## [Task brief]
The copy you give must match the lines from the top of the data through the line containing "import ezdxf" exactly, and it must hold no pictures.

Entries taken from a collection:

__________________________________________________

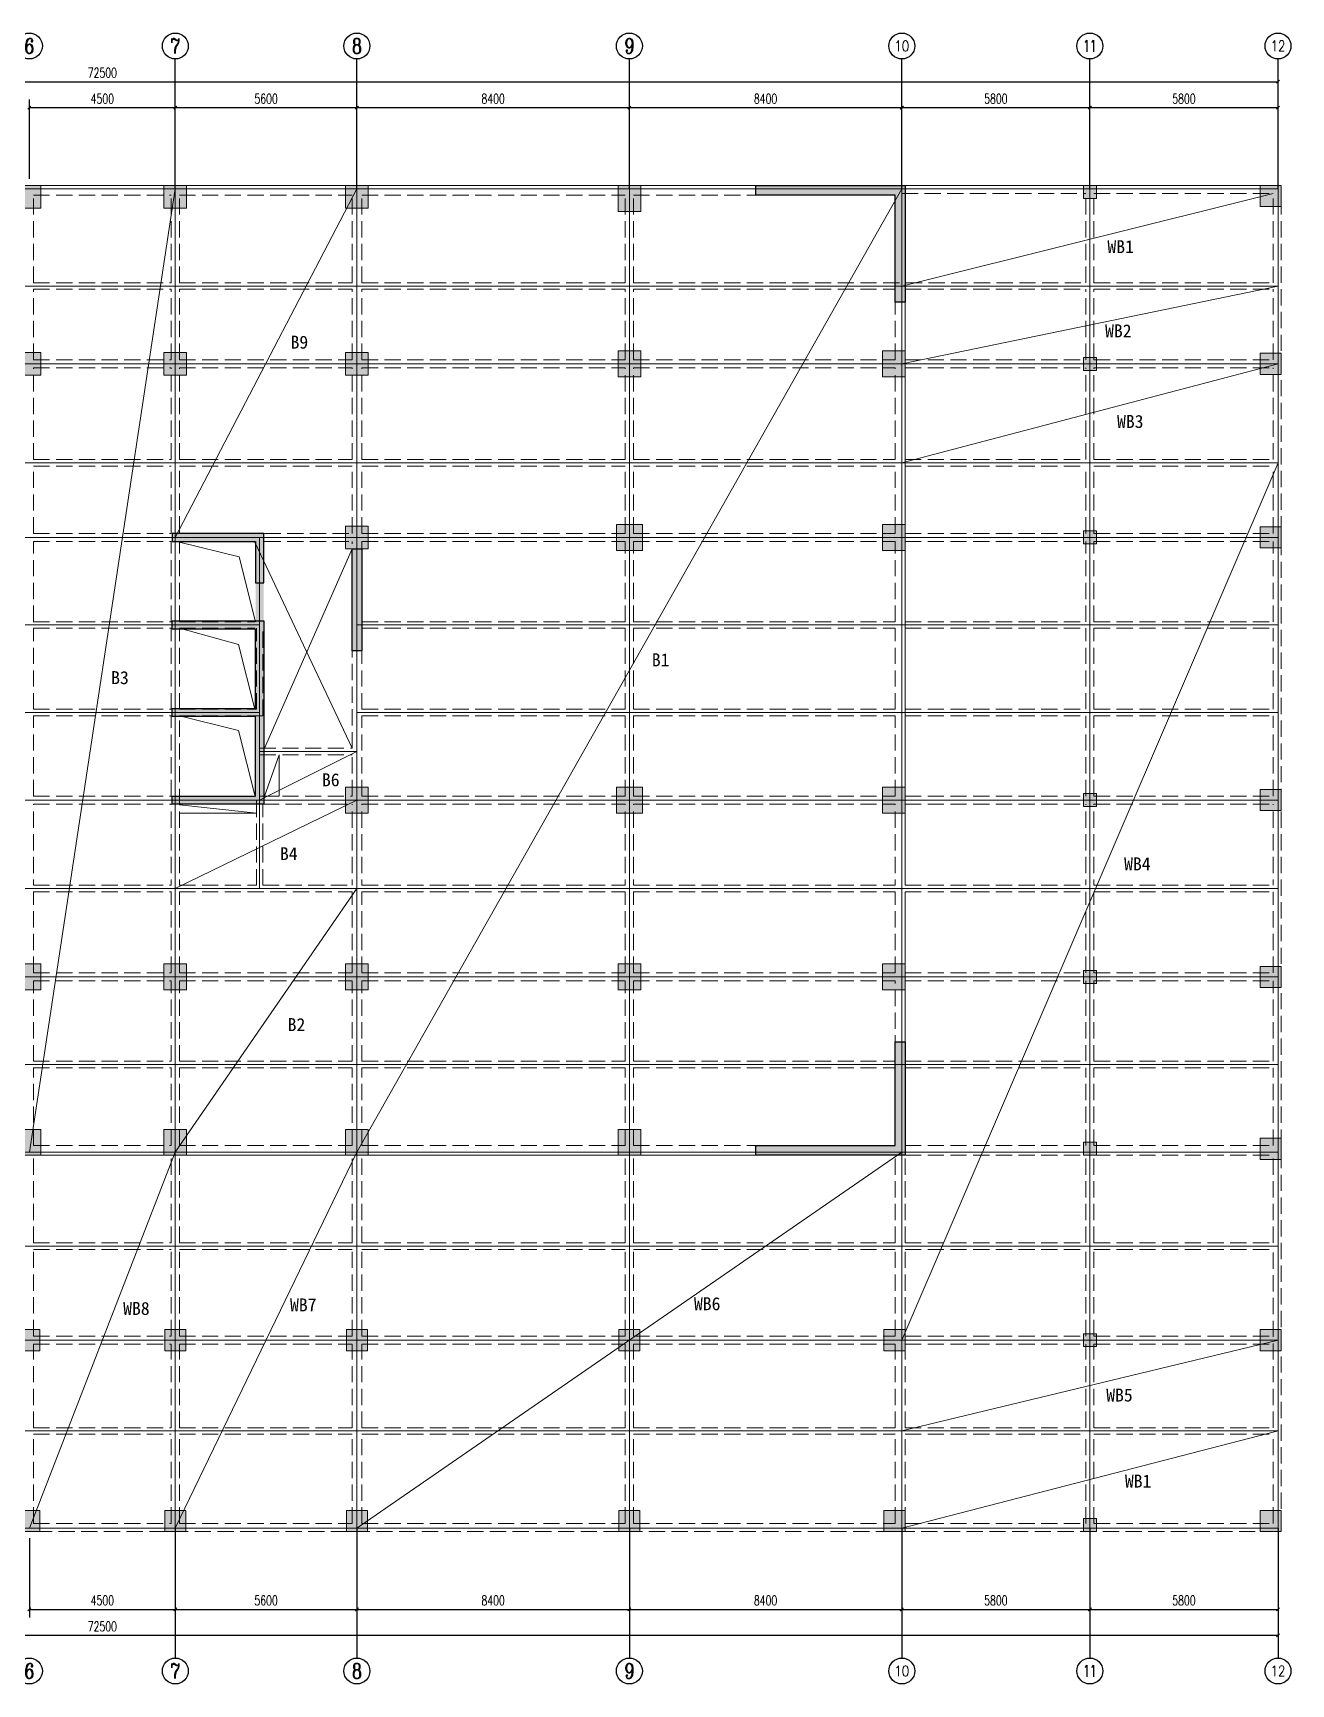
# Model space of a CAD drawing. Header units: millimetres. Extents: x -4900 to 114297, y -4800 to 46100.
# Drawn here: x 34112 to 72900, y -4800 to 46100 of the extents above; entities that cross this region are included whole.
import ezdxf
from ezdxf.enums import TextEntityAlignment as Align

# ---------------------------------------------------------------- set-up
doc = ezdxf.new("R2010")
doc.units = ezdxf.units.MM
doc.header["$LTSCALE"] = 2000
doc.header["$PDSIZE"] = 0.1
doc.linetypes.add('DASH', pattern=[0.35, 0.25, -0.1])
doc.layers.get('0').update_dxf_attribs({"lineweight": 9})
doc.layers.get('Defpoints').update_dxf_attribs({"lineweight": 9})
for name, color, linetype in [('AXIS', 3, 'Continuous'), ('AXIS_TEXT', 7, 'Continuous'), ('wall_door', 5, 'Continuous')]:
    doc.layers.add(name, color=color, linetype=linetype)
for name, color, linetype, lineweight in [('bbbbb', 200, 'Continuous', 9), ('column', 50, 'Continuous', 9), ('hole', 60, 'Continuous', 9), ('primary_beam', 180, 'Continuous', 9), ('S_ConcWall', 3, 'Continuous', 25), ('secondary_beam', 130, 'Continuous', 9)]:
    doc.layers.add(name, color=color, linetype=linetype, lineweight=lineweight)
doc.layers.add('DOTE', color=10, linetype='Continuous', lineweight=9, plot=False)
doc.styles.add('_TCH_AXIS', font='COMPLEX', dxfattribs={"bigfont": 'GBCBIG'})
doc.styles.add('_TCH_DIM_T3', font='SIMPLEX', dxfattribs={"width": 0.705882, "bigfont": 'GBCBIG'})
doc.styles.add('COMPLEX', font='COMPLEX')
doc.dimstyles.new('_TCH_ARCH&&100', dxfattribs={"dimtxt": 297.5, "dimasz": 100, "dimexe": 250, "dimexo": 300, "dimgap": 126.25, "dimtad": 1, "dimdec": 0, "dimzin": 0, "dimdsep": 46, "dimtxsty": '_TCH_DIM_T3', "dimblk": 'ARCHTICK', "dimcen": 0.09, "dimclrt": 7, "dimazin": 2, "dimtfac": 1, "dimtdec": 0, "dimtix": 1, "dimtmove": 2, "dimatfit": 3, "dimfxl": 100, "dimtolj": 1, "dimtzin": 0, "dimarcsym": 0})

# ---------------------------------------------------------------- blocks, each defined once
blk = doc.blocks.new('_ArchTick')
at = {"color": 0, "linetype": 'ByBlock', "const_width": 0.4}
blk.add_lwpolyline([(-0.5, -0.5), (0.5, 0.5)], dxfattribs=at)
blk = doc.blocks.new('*D7')
at = {"layer": 'AXIS', "color": 0, "lineweight": -2, "transparency": 16777216}
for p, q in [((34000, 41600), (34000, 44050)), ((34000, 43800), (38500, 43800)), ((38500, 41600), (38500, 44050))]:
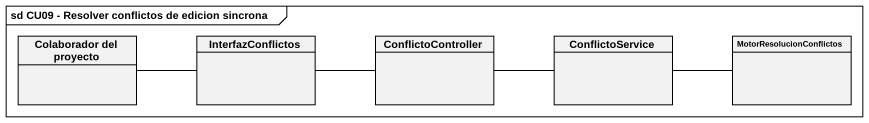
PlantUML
@startuml
mainframe sd CU09 - Resolver conflictos de edicion sincrona
hide circle
hide empty members
class "Colaborador del proyecto" as Colaborador_del_proyecto
class InterfazConflictos
class ConflictoController
class ConflictoService
class MotorResolucionConflictos
Colaborador_del_proyecto -right- InterfazConflictos
InterfazConflictos -right- ConflictoController
ConflictoController -right- ConflictoService
ConflictoService -right- MotorResolucionConflictos
@enduml

__________________________________________________

## [Output for this exercise]
# Model space of a CAD drawing. Header units: millimetres. Extents: x -4900 to 114297, y -4800 to 46100.
# Drawn here: x 34112 to 72900, y -4800 to 46100 of the extents above; entities that cross this region are included whole.
import ezdxf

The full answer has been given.